Pelosi Survives Test On War Resolution
In an effort to keep the House Democratic Caucus publicly united and prevent potentially severe damage to her party, Minority Leader Nancy Pelosi (Calif.) successfully led an effort to block large numbers of Democrats from opposing a resolution saluting U.S. troops last week.
The leader, an outspoken liberal who represents one of the most strongly left-leaning districts in the country and has repeatedly stressed her own opposition to the conflict in Iraq, was besieged by thousands of anti-war phone calls and faced protesters outside of her office in the Rayburn House Office Building last week. But the real challenge for Pelosi came from Members of her own Caucus strongly opposed to casting a favorable vote on a resolution, which they complained heaped too much praise on the Bush Administration.

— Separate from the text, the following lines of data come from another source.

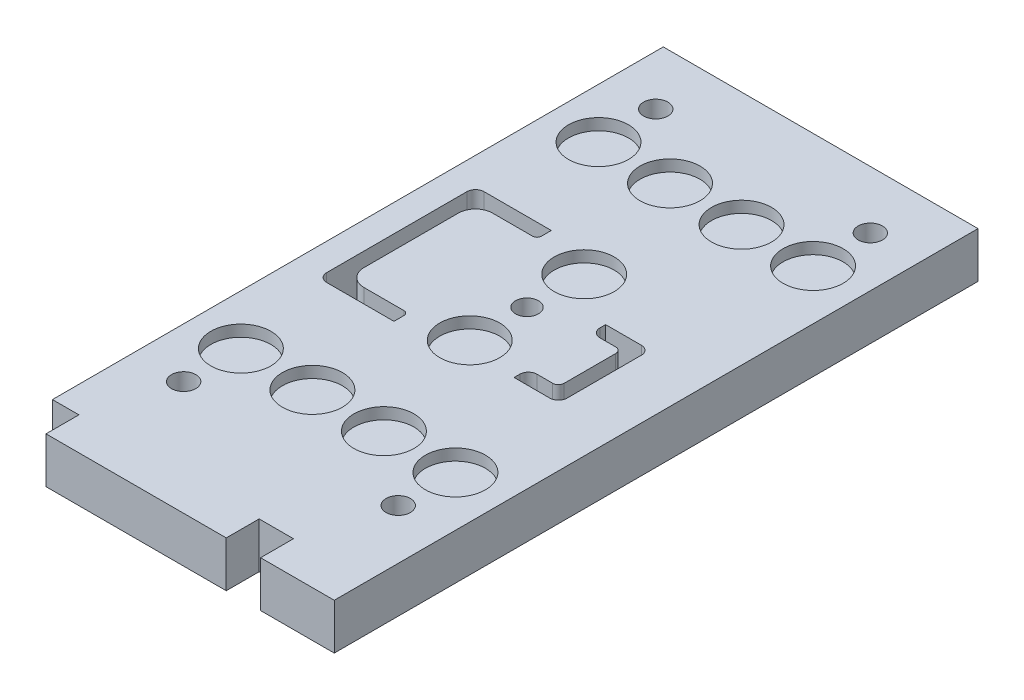
SolidWorks part; units mm, degrees
material "Plain Carbon Steel"
ref_plane "Front Plane" through (0, 0, 0) normal (0, 0, 1) x (1, 0, 0)
ref_plane "Top Plane" through (0, 0, 0) normal (0, 1, 0) x (1, 0, 0)
ref_plane "Right Plane" through (0, 0, 0) normal (1, 0, 0) x (0, 0, -1)
sketch "Sketch1" plane through (0, 0, 0) normal (0, 1, 0) x (1, 0, 0)
  line L1 (-55, -112.5) -> (55, -112.5)
  line L2 (-55, -112.5) -> (-55, 112.5)
  line L3 (-55, 112.5) -> (55, 112.5)
  line L4 (55, -112.5) -> (55, 112.5)
  line L5 (-55, -112.5) -> (55, 112.5) construction
  line L6 (-55, 112.5) -> (55, -112.5) construction
  point P0 (0, 0)
  dimension "D1" = 110
  dimension "D2" = 225
extrude "Boss-Extrude1" add sketch "Sketch1" against normal blind 16
sketch "Sketch2" plane through (0, 0, 0) normal (0, 1, 0) x (1, 0, 0)
  line L0 (-19, 37.36) -> (-19, 33.86) construction
  line L1 (-42.5, 37.36) -> (-19, 37.36) construction
  line L2 (-45.5, 34.36) -> (-45.5, -14.64) construction
  line L3 (-42.5, -17.64) -> (-19, -17.64) construction
  line L4 (-19, -17.64) -> (-19, -14.14) construction
  line L5 (-34.5, -12.64) -> (-20.5, -12.64) construction
  line L6 (-40.5, 26.36) -> (-40.5, -6.64) construction
  line L7 (-20.5, 32.36) -> (-34.5, 32.36) construction
  line L8 (-19, 37.36) -> (-19, 33.86)
  line L9 (-42.5, 37.36) -> (-19, 37.36)
  line L10 (-45.5, 34.36) -> (-45.5, -14.64)
  line L11 (-42.5, -17.64) -> (-19, -17.64)
  line L12 (-19, -17.64) -> (-19, -14.14)
  line L13 (-34.5, -12.64) -> (-20.5, -12.64)
  line L14 (-40.5, 26.36) -> (-40.5, -6.64)
  line L15 (-20.5, 32.36) -> (-34.5, 32.36)
  arc A0 (-20.5, 32.36) -> (-19, 33.86) centre (-20.5, 33.86) ccw construction
  arc A1 (-42.5, 37.36) -> (-45.5, 34.36) centre (-42.5, 34.36) ccw construction
  arc A2 (-45.5, -14.64) -> (-42.5, -17.64) centre (-42.5, -14.64) ccw construction
  arc A3 (-19, -14.14) -> (-20.5, -12.64) centre (-20.5, -14.14) ccw construction
  arc A4 (-40.5, -6.64) -> (-34.5, -12.64) centre (-34.5, -6.64) ccw construction
  arc A5 (-34.5, 32.36) -> (-40.5, 26.36) centre (-34.5, 26.36) ccw construction
  arc A6 (-20.5, 32.36) -> (-19, 33.86) centre (-20.5, 33.86) ccw
  arc A7 (-42.5, 37.36) -> (-45.5, 34.36) centre (-42.5, 34.36) ccw
  arc A8 (-45.5, -14.64) -> (-42.5, -17.64) centre (-42.5, -14.64) ccw
  arc A9 (-19, -14.14) -> (-20.5, -12.64) centre (-20.5, -14.14) ccw
  arc A10 (-40.5, -6.64) -> (-34.5, -12.64) centre (-34.5, -6.64) ccw
  arc A11 (-34.5, 32.36) -> (-40.5, 26.36) centre (-34.5, 26.36) ccw
extrude "Cut-Extrude1" cut sketch "Sketch2" against normal up to next
sketch "Sketch3" plane through (0, 0, 0) normal (0, 1, 0) x (1, 0, 0)
  line L0 (19, 18.36) -> (31.5, 18.36) construction
  line L1 (19, 18.36) -> (19, 16.36) construction
  line L2 (27.5, 13.36) -> (22, 13.36) construction
  line L3 (29.5, -6.64) -> (29.5, 11.36) construction
  line L4 (22, -8.64) -> (27.5, -8.64) construction
  line L5 (19, -13.64) -> (19, -11.64) construction
  line L6 (31.5, -13.64) -> (19, -13.64) construction
  line L7 (34.5, 15.36) -> (34.5, -10.64) construction
  line L8 (19, 18.36) -> (31.5, 18.36)
  line L9 (19, 18.36) -> (19, 16.36)
  line L10 (27.5, 13.36) -> (22, 13.36)
  line L11 (29.5, -6.64) -> (29.5, 11.36)
  line L12 (22, -8.64) -> (27.5, -8.64)
  line L13 (19, -13.64) -> (19, -11.64)
  line L14 (31.5, -13.64) -> (19, -13.64)
  line L15 (34.5, 15.36) -> (34.5, -10.64)
  arc A0 (34.5, 15.36) -> (31.5, 18.36) centre (31.5, 15.36) ccw construction
  arc A1 (19, 16.36) -> (22, 13.36) centre (22, 16.36) ccw construction
  arc A2 (29.5, 11.36) -> (27.5, 13.36) centre (27.5, 11.36) ccw construction
  arc A3 (27.5, -8.64) -> (29.5, -6.64) centre (27.5, -6.64) ccw construction
  arc A4 (22, -8.64) -> (19, -11.64) centre (22, -11.64) ccw construction
  arc A5 (31.5, -13.64) -> (34.5, -10.64) centre (31.5, -10.64) ccw construction
  arc A6 (34.5, 15.36) -> (31.5, 18.36) centre (31.5, 15.36) ccw
  arc A7 (19, 16.36) -> (22, 13.36) centre (22, 16.36) ccw
  arc A8 (29.5, 11.36) -> (27.5, 13.36) centre (27.5, 11.36) ccw
  arc A9 (27.5, -8.64) -> (29.5, -6.64) centre (27.5, -6.64) ccw
  arc A10 (22, -8.64) -> (19, -11.64) centre (22, -11.64) ccw
  arc A11 (31.5, -13.64) -> (34.5, -10.64) centre (31.5, -10.64) ccw
extrude "Cut-Extrude2" cut sketch "Sketch3" against normal up to next
sketch "Sketch4" plane through (0, -16, 0) normal (0, -1, 0) x (1, 0, 0)
  circle A0 centre (0, 100) radius 8.5
  circle A1 centre (0, -100) radius 8.5
  dimension "D1" = 17
extrude "Cut-Extrude3" cut sketch "Sketch4" against normal blind 5
sketch "Sketch5" plane through (0, 0, 0) normal (0, 1, 0) x (1, 0, 0)
  line L2 (-55, 112.5) -> (-55, -112.5) construction
  line L5 (-19, 37.36) -> (-42.5, 37.36) construction
  line L6 (-40.5, 9.86) -> (29.5, 9.86) construction
  line L7 (-40.5, -6.64) -> (-40.5, 26.36) construction
  line L9 (29.5, 11.36) -> (29.5, -6.64) construction
  circle A0 centre (-37.5, 72.36) radius 10.5
  circle A1 centre (-12.5, 72.36) radius 10.5
  circle A2 centre (12.5, 72.36) radius 10.5
  circle A3 centre (37.5, 72.36) radius 10.5
  circle A4 centre (37.5, -52.64) radius 10.5
  circle A5 centre (12.5, -52.64) radius 10.5
  circle A6 centre (-12.5, -52.64) radius 10.5
  circle A7 centre (-37.5, -52.64) radius 10.5
  circle A8 centre (0, 29.86) radius 10.5
  circle A9 centre (0, -10.14) radius 10.5
  dimension "D1" = 21
  dimension "D2" = 17.5
  dimension "D3" = 35
  dimension "D5" = 25
  dimension "D6" = 20
  dimension "D7" = 20
  dimension "D4" = 4
extrude "Cut-Extrude4" cut sketch "Sketch5" against normal blind 4
sketch "Sketch6" plane through (0, 0, 0) normal (0, 1, 0) x (1, 0, 0)
  line L0 (-55, -112.5) -> (55, -112.5) construction
  line L1 (29.25, -112.5) -> (17.25, -112.5)
  line L2 (29.25, -112.5) -> (29.25, -101)
  line L3 (29.25, -101) -> (17.25, -101)
  line L4 (17.25, -112.5) -> (17.25, -101)
  line L5 (18.75, -102) -> (27.75, -102) construction
  line L6 (-45.75, -112.5) -> (-57.75, -112.5)
  line L7 (-45.75, -112.5) -> (-45.75, -101)
  line L8 (-45.75, -101) -> (-57.75, -101)
  line L9 (-57.75, -112.5) -> (-57.75, -101)
  line L10 (28.25, -102.5) -> (28.25, -115) construction
  line L11 (18.25, -115) -> (18.25, -102.5) construction
  line L12 (-56.75, -115) -> (-56.75, -102.5) construction
  line L13 (-46.75, -102.5) -> (-46.75, -115) construction
  line L14 (-56.25, -102) -> (-47.25, -102) construction
  dimension "D1" = 1
  dimension "D2" = 1
  dimension "D3" = 1
  dimension "D4" = 1
  dimension "D5" = 1
  dimension "D6" = 1
extrude "Cut-Extrude5" cut sketch "Sketch6" against normal up to next
hole_wizard "M10 Tapped Hole1" positions "Sketch9" profile "Sketch8" tap size "M10" standard "ISO" end condition through all
sketch "Sketch9" plane through (0, 0, 0) normal (0, 1, 0) x (1, 0, 0)
  line L2 (-37.5, 72.36) -> (-37.5, 92.36) construction
  line L4 (37.5, 72.36) -> (37.5, 92.36) construction
  circle A1 centre (-37.5, 72.36) radius 10.5 construction
  circle A2 centre (-37.5, -52.64) radius 10.5 construction
  point P0 (-37.5, -72.64)
  point P2 (37.5, -72.64)
  point P4 (37.5, 92.36)
  point P6 (-37.5, 92.36)
  dimension "D1" = 20
  dimension "D2" = 20
sketch "Sketch8" plane through (-37.5, 0, 72.64) normal (1, 0, 0) x (0, 0, 1)
  line L0 (0, 0) -> (0, 16)
  line L1 (0, 16) -> (4.25, 16)
  line L2 (4.25, 16) -> (4.25, 0)
  line L5 (4.25, 0) -> (0, 0)
  line L11 (0, -6.35) -> (0, 107.95) construction
  dimension "Thru Tap Drill Dia." = 8.5
  dimension "Thru Tap Drill Depth" = 16
cosmetic thread "Hole Thread1" parameters "D2"=10
cosmetic thread "Hole Thread2" parameters "D2"=10
cosmetic thread "Hole Thread3" parameters "D2"=10
cosmetic thread "Hole Thread4" parameters "D2"=10
sketch "Sketch10" plane through (0, 0, 0) normal (0, 1, 0) x (1, 0, 0)
  circle A0 centre (0, 9.86) radius 5 construction
  circle A1 centre (0, 9.86) radius 5 construction
  circle A2 centre (0, 9.86) radius 4
  dimension "D1" = 8
extrude "Cut-Extrude6" cut sketch "Sketch10" against normal up to next

Pelosi backed the measure, even though she opposes the war and the administration’s policies that led to it. But internal opposition from Members who helped provide the base of votes that made her leader, forced her into a series of last-minute emergency meetings with other elected leaders to rein in the left wing of the Caucus.
In the end, 11 Democratic Members voted against the measure, while 21 others voted present. But according to her allies, the vote against the resolution would have been much more pronounced if Pelosi and the other leaders hadn’t worked to urge liberals to put the broader interests of the party first.
“She met with a lot of Members who were unhappy,” said one Democratic leadership aide, who credited her with appeasing both the anti-war Members and those who support the conflict. “She said we need to support the troops and we can’t be making the distinction” between the troops and the president.
Rep. Jan Schakowsky (D-Ill.), who voted present on the resolution, said Pelosi passed the test of leadership by not forcing Members to vote against their consciences.
“That’s the point of leadership — to listen to everybody — and at least everybody came out and felt like they had the opportunity to have their say,” she said.
That process unfolded in an eleventh-hour meeting with the Progressive Caucus in which many Members remained adamant that they would oppose the resolution. In what one senior aide described as a “very emotional meeting,” Pelosi’s top lieutenant, Rep. George Miller (D-Calif.), told Members to express their sentiments loudly on the floor, but ultimately vote for the measure.
“It was a tough position for Pelosi,” said the aide. “I’ve watched her enough to know where she wanted to be and what the resolution needed to be. The problem is she comes from the left, and the left is where her heart is. But she is the leader and she had to support this thing.”
Pelosi turned to elected leaders including Minority Whip Steny Hoyer (Md.) and Caucus Chairman Bob Menendez (N.J.) and other senior Members to help bring balking Democrats on board, several sources said. That group helped convince the 21 Democrats to vote “present” instead of “no,” fearing that it would be politically damaging for the party not to vote for a resolution supporting troops in harm’s way.
One top House Democratic staffer said Pelosi knew the political implications of the vote, and stressed as much to those Members who wanted to cast a no vote. The aide said before Pelosi’s lobbying, as many as 60 Members were set to vote no.
But, the aide said Pelosi had to convince Members that “a vote against it takes [Democrats] back 30 years.” That same staffer said Pelosi wasn’t entirely happy with the language either, but as the leader of the Democrats knew she had to support it and play to the middle.
“I think she did as good a job as any leader could do,” the aide said.
But several top Democratic aides said Pelosi, as a liberal Member herself, needed to tap all of her political muscle on a vote that was critical to Democrats in a time of war. With 32 Democrats essentially in opposition, Democrats weren’t unified enough, aides said.
Democrats, they added, must appear to be strongly behind the troops even if they don’t like the resolution’s language in its entirety.
“She should have stepped up to the plate and said, ‘This is the right thing to do,’” one senior aide said.